= Nuclease protection assay =

Laboratory technique used in biochemistry and genetics

Nuclease protection assay is a laboratory technique used in biochemistry and genetics to identify individual RNA molecules in a heterogeneous RNA sample extracted from cells. The technique can identify one or more RNA molecules of known sequence even at low total concentration. The extracted RNA is first mixed with antisense RNA or DNA probes that are complementary to the sequence or sequences of interest and the complementary strands are hybridized to form double-stranded RNA (or a DNA-RNA hybrid). The mixture is then exposed to ribonucleases that specifically cleave only single-stranded RNA but have no activity against double-stranded RNA. When the reaction runs to completion, susceptible RNA regions are degraded to very short oligomers or to individual nucleotides; the surviving RNA fragments are those that were complementary to the added antisense strand and thus contained the sequence of interest.

== Probe ==

The probes are prepared by cloning part of the gene of interest in a vector under the control of any of the following promoters, SP6, T7 or T3. These promoters are recognized by DNA dependent RNA polymerases originally characterized from bacteriophages. The probes produced are radioactive as they are prepared by in vitro transcription using radioactive UTPs. Uncomplemented DNA or RNA is cleaved off by nucleases. When the probe is a DNA molecule, S1 nuclease is used; when the probe is RNA, any single-strand-specific ribonuclease can be used. Thus the surviving probe-mRNA complement is simply detected by autoradiography.

== Uses ==

Nuclease protection assays are used to map introns and 5' and 3' ends of transcribed gene regions. Quantitative results can be obtained regarding the amount of the target RNA present in the original cellular extract - if the target is a messenger RNA, this can indicate the level of transcription of the gene in the cell.

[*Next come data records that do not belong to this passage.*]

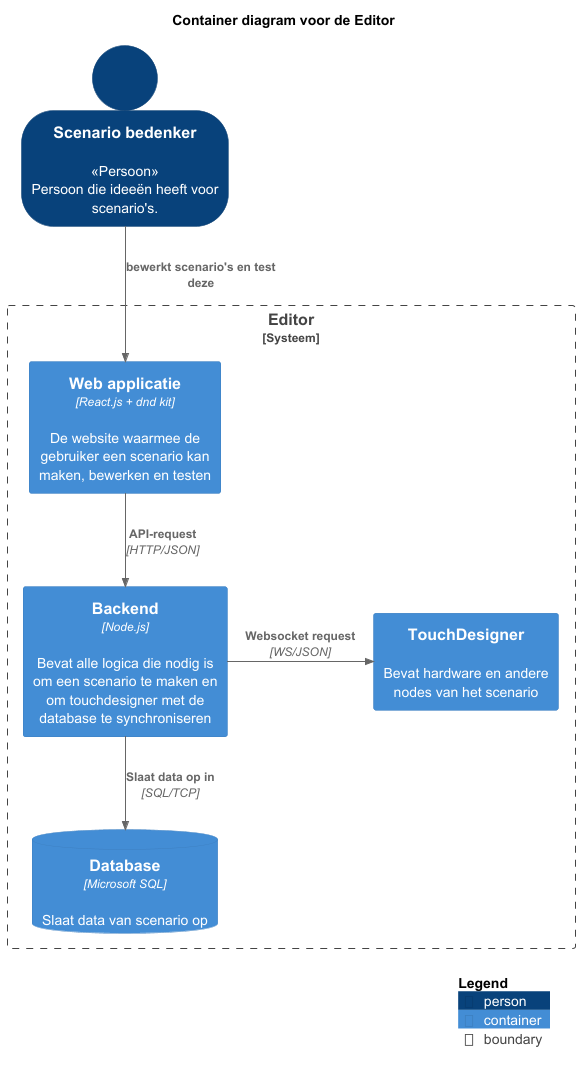

The diagram above was rendered by PlantUML. Its source (embedded in the PNG):
@startuml "Container diagram voor Editor"
!include https://raw.githubusercontent.com/plantuml-stdlib/C4-PlantUML/master/C4_Container.puml

SHOW_PERSON_OUTLINE()

title "Container diagram voor de Editor"
Person(bedenker, Scenario bedenker,<<Persoon>>\nPersoon die ideeën heeft voor scenario's.)

Boundary(system, "Editor", "Systeem") {
    Container(frontend, "Web applicatie", "React.js + dnd kit", "De website waarmee de gebruiker een scenario kan maken, bewerken en testen")
    Container(backend, "Backend", "Node.js", Bevat alle logica die nodig is om een scenario te maken en om touchdesigner met de database te synchroniseren)
    Container(td, TouchDesigner, , Bevat hardware en andere nodes van het scenario)
    ContainerDb(db, Database, Microsoft SQL , Slaat data van scenario op)
}

Rel(bedenker, frontend, bewerkt scenario's en test deze)
Rel(frontend, backend, API-request, HTTP/JSON)
Rel_R(backend, td, Websocket request, WS/JSON)
Rel(backend, db, Slaat data op in ,SQL/TCP)

SHOW_LEGEND()
@enduml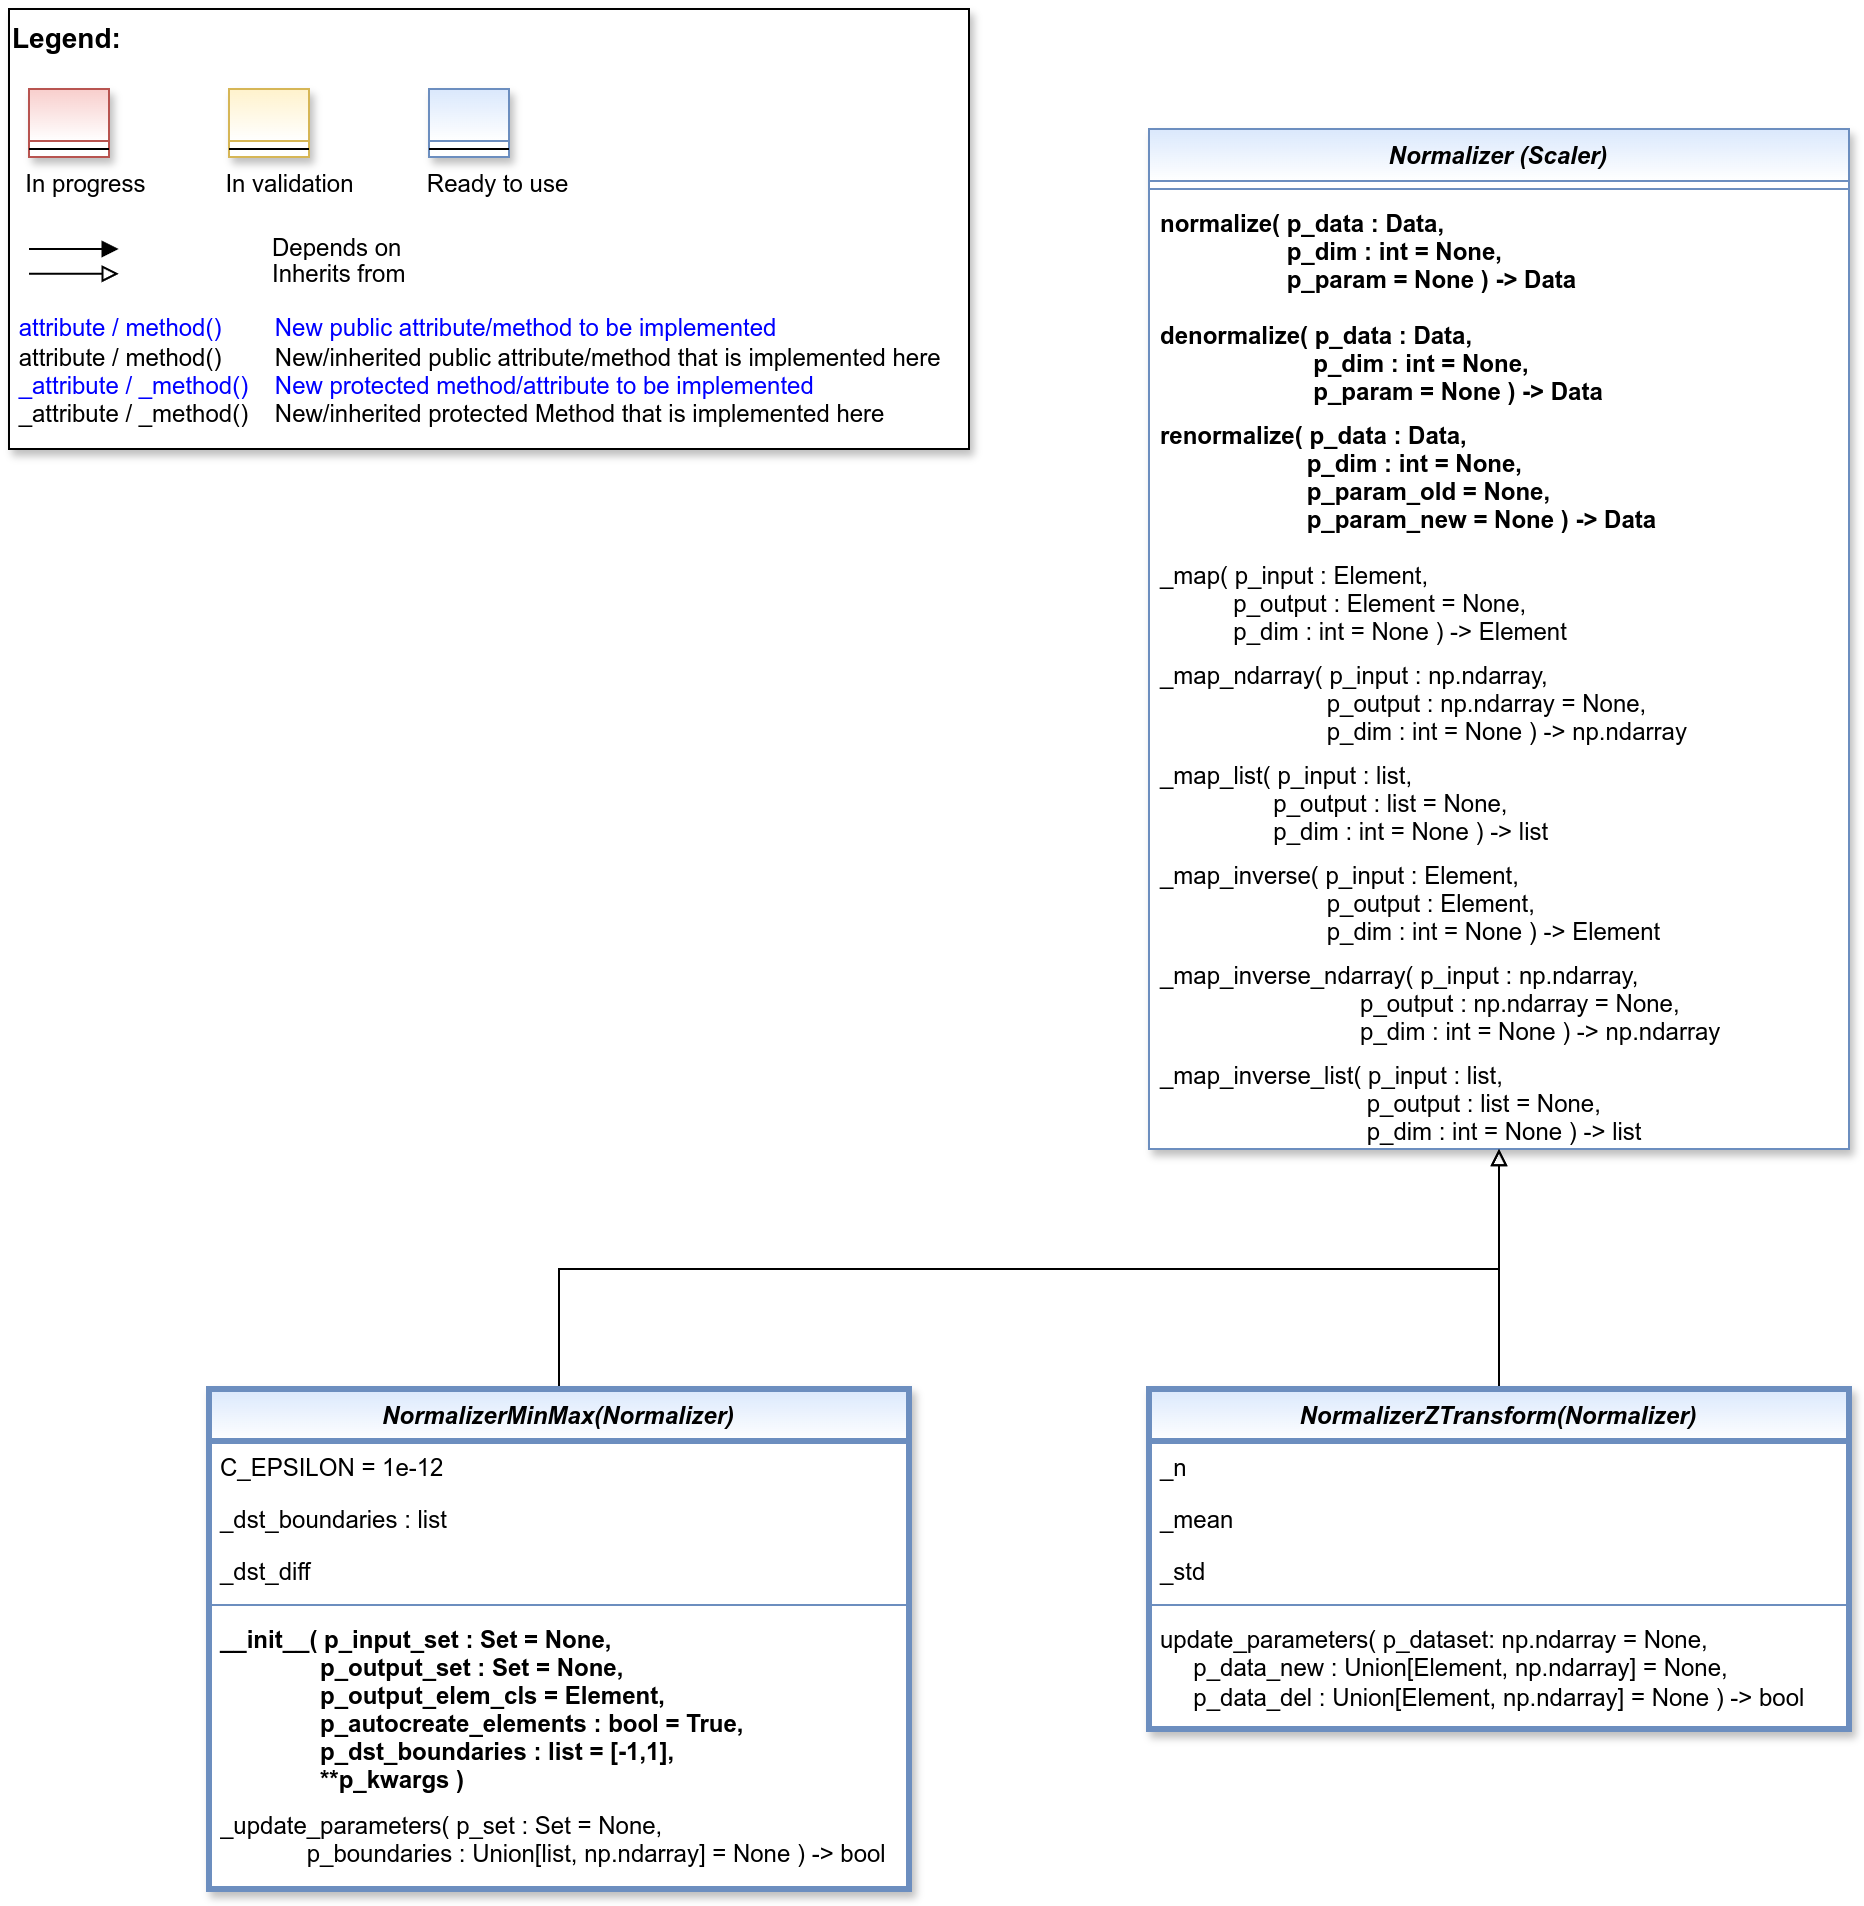

The diagram above was exported from draw.io. Its source (the exported page's mxGraphModel, read from the mxfile embedded in the PNG):
<mxGraphModel dx="2878" dy="1242" grid="1" gridSize="10" guides="1" tooltips="1" connect="1" arrows="1" fold="1" page="1" pageScale="1" pageWidth="827" pageHeight="1169" math="0" shadow="0">
  <root>
    <mxCell id="0" />
    <mxCell id="1" parent="0" />
    <mxCell id="2" value="Normalizer (Scaler)" style="swimlane;fontStyle=3;align=center;verticalAlign=top;childLayout=stackLayout;horizontal=1;startSize=26;horizontalStack=0;resizeParent=1;resizeLast=0;collapsible=1;marginBottom=0;rounded=0;shadow=1;strokeWidth=1;fillColor=#dae8fc;strokeColor=#6c8ebf;swimlaneFillColor=#FFFFFF;gradientColor=#FFFFFF;" vertex="1" parent="1">
      <mxGeometry x="610" y="100" width="350" height="510" as="geometry">
        <mxRectangle x="230" y="140" width="160" height="26" as="alternateBounds" />
      </mxGeometry>
    </mxCell>
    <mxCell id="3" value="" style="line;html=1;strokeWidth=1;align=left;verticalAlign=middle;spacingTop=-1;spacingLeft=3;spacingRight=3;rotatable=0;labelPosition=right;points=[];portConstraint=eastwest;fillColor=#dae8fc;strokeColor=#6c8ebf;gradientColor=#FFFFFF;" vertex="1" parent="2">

They are also used to detect the presence of double stranded RNA, presence of which could mean RNA interference.

Northern blotting is a laboratory technique that produces similar information. It is slower and less quantitative, but also produces accurate information about the size of the target RNA. Nuclease protection assay products are limited to the size of the initial probes due to the destruction of the non-hybridized RNA during the nuclease digestion step.